'''

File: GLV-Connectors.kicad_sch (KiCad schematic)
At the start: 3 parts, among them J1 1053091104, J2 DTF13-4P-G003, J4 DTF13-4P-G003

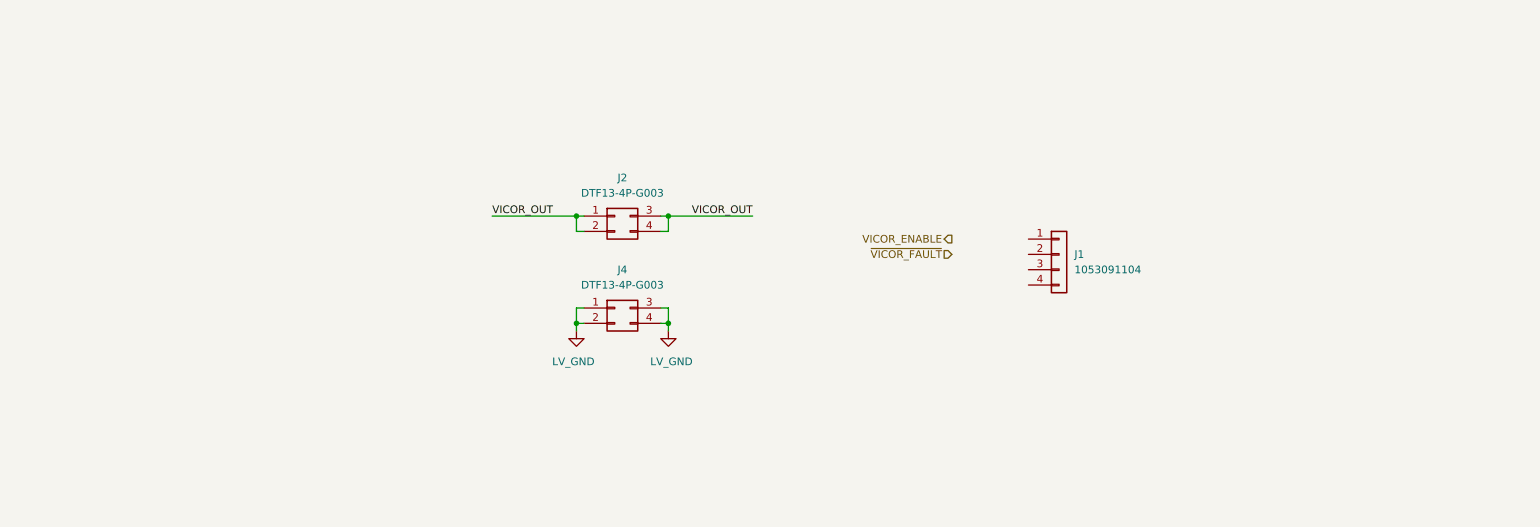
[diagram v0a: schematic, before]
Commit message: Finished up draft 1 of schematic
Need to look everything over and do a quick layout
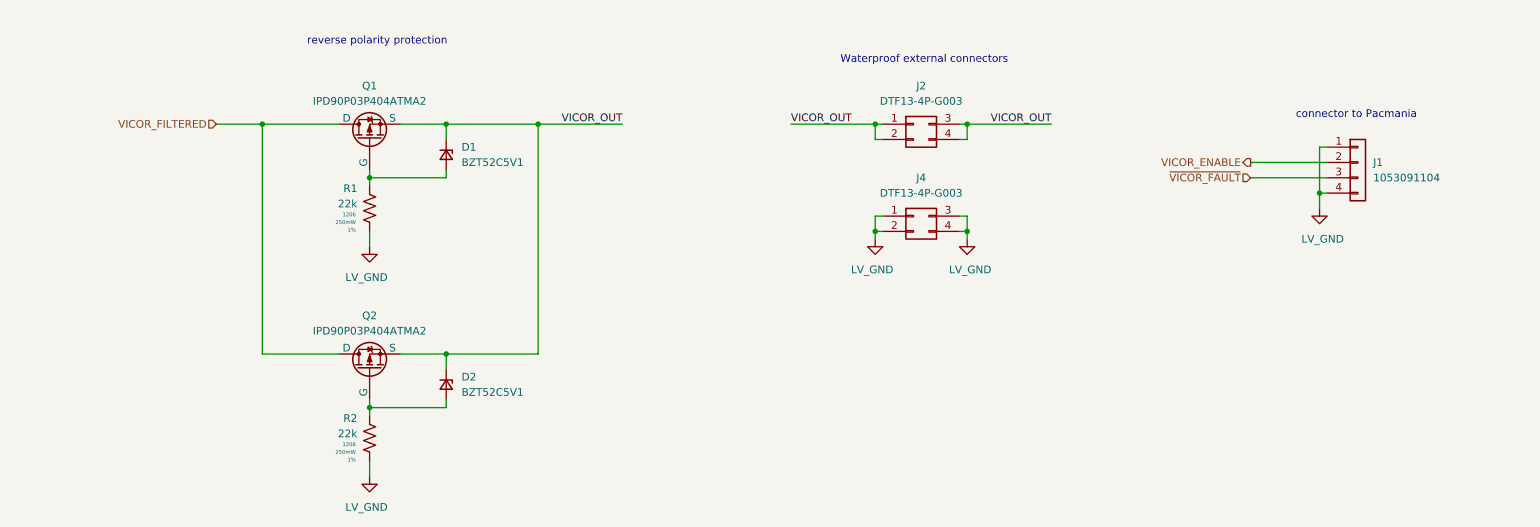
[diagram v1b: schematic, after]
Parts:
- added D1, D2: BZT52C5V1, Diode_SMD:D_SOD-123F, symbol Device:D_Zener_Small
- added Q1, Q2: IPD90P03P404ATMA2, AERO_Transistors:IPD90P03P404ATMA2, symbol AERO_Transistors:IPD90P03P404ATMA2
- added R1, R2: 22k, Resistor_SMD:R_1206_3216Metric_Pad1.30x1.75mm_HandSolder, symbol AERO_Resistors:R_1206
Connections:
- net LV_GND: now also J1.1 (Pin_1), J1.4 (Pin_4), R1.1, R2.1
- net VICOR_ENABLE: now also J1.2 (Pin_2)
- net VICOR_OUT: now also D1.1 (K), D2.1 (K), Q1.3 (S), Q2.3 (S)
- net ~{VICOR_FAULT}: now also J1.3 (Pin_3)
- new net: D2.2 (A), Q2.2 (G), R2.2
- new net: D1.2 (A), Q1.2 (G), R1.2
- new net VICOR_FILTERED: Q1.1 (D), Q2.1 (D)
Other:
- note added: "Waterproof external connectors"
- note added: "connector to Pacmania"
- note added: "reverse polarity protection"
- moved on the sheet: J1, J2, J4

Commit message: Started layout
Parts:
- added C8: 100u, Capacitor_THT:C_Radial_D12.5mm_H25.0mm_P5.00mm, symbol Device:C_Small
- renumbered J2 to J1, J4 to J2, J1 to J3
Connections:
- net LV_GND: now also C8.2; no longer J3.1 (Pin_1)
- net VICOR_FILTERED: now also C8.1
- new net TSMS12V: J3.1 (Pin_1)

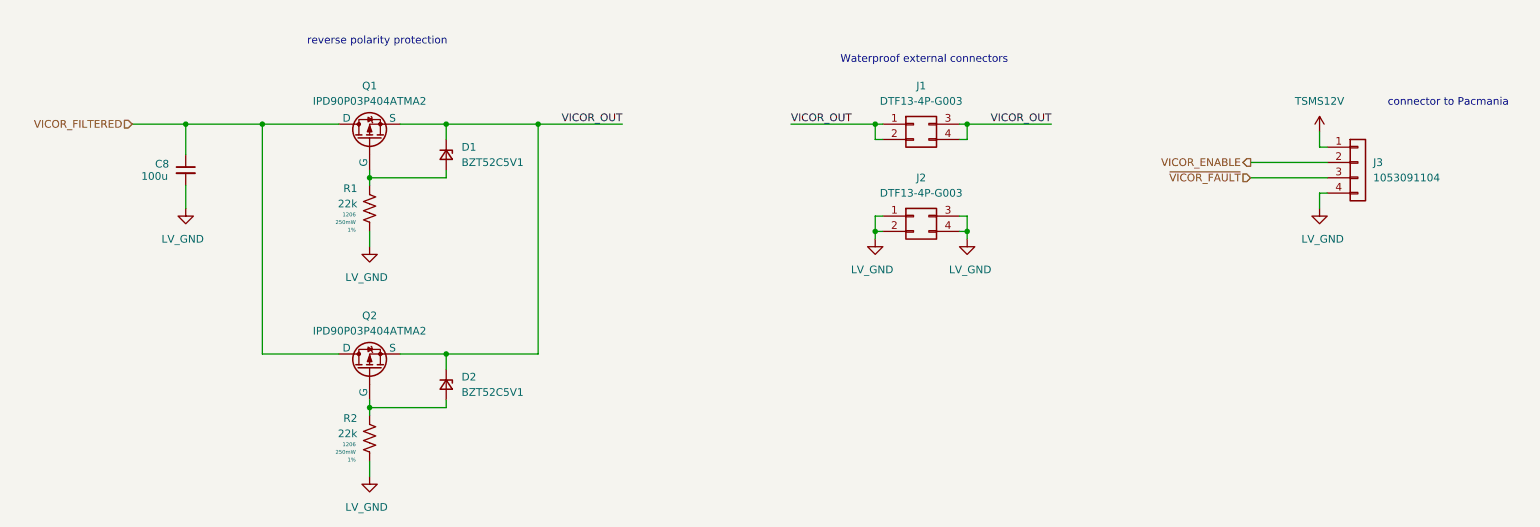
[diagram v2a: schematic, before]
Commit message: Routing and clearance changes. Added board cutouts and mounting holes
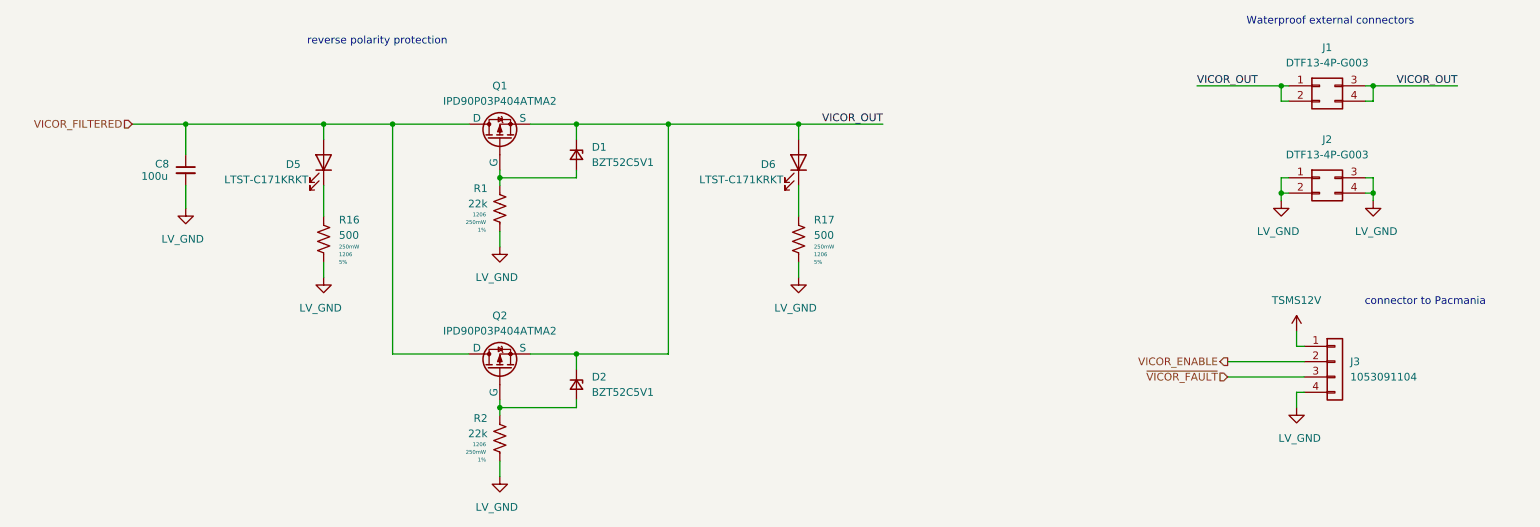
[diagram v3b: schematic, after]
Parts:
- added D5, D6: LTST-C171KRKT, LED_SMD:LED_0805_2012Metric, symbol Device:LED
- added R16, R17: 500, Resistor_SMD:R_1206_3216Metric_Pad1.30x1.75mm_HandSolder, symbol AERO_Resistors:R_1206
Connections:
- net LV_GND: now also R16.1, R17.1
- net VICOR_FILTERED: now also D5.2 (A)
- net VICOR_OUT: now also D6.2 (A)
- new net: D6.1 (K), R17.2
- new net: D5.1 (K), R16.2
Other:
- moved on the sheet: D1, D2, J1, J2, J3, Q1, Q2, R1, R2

'''

#### [WHAT THE TASK ASKS]
Can the lines from the one with "[diagram v2a: schematic, before]" to the end of the records above be quoted exactly, both ends included, with every picture omitted?

#### [RESULT FOR THIS EXERCISE]
[diagram v2a: schematic, before]
Commit message: Routing and clearance changes. Added board cutouts and mounting holes
[diagram v3b: schematic, after]
Parts:
- added D5, D6: LTST-C171KRKT, LED_SMD:LED_0805_2012Metric, symbol Device:LED
- added R16, R17: 500, Resistor_SMD:R_1206_3216Metric_Pad1.30x1.75mm_HandSolder, symbol AERO_Resistors:R_1206
Connections:
- net LV_GND: now also R16.1, R17.1
- net VICOR_FILTERED: now also D5.2 (A)
- net VICOR_OUT: now also D6.2 (A)
- new net: D6.1 (K), R17.2
- new net: D5.1 (K), R16.2
Other:
- moved on the sheet: D1, D2, J1, J2, J3, Q1, Q2, R1, R2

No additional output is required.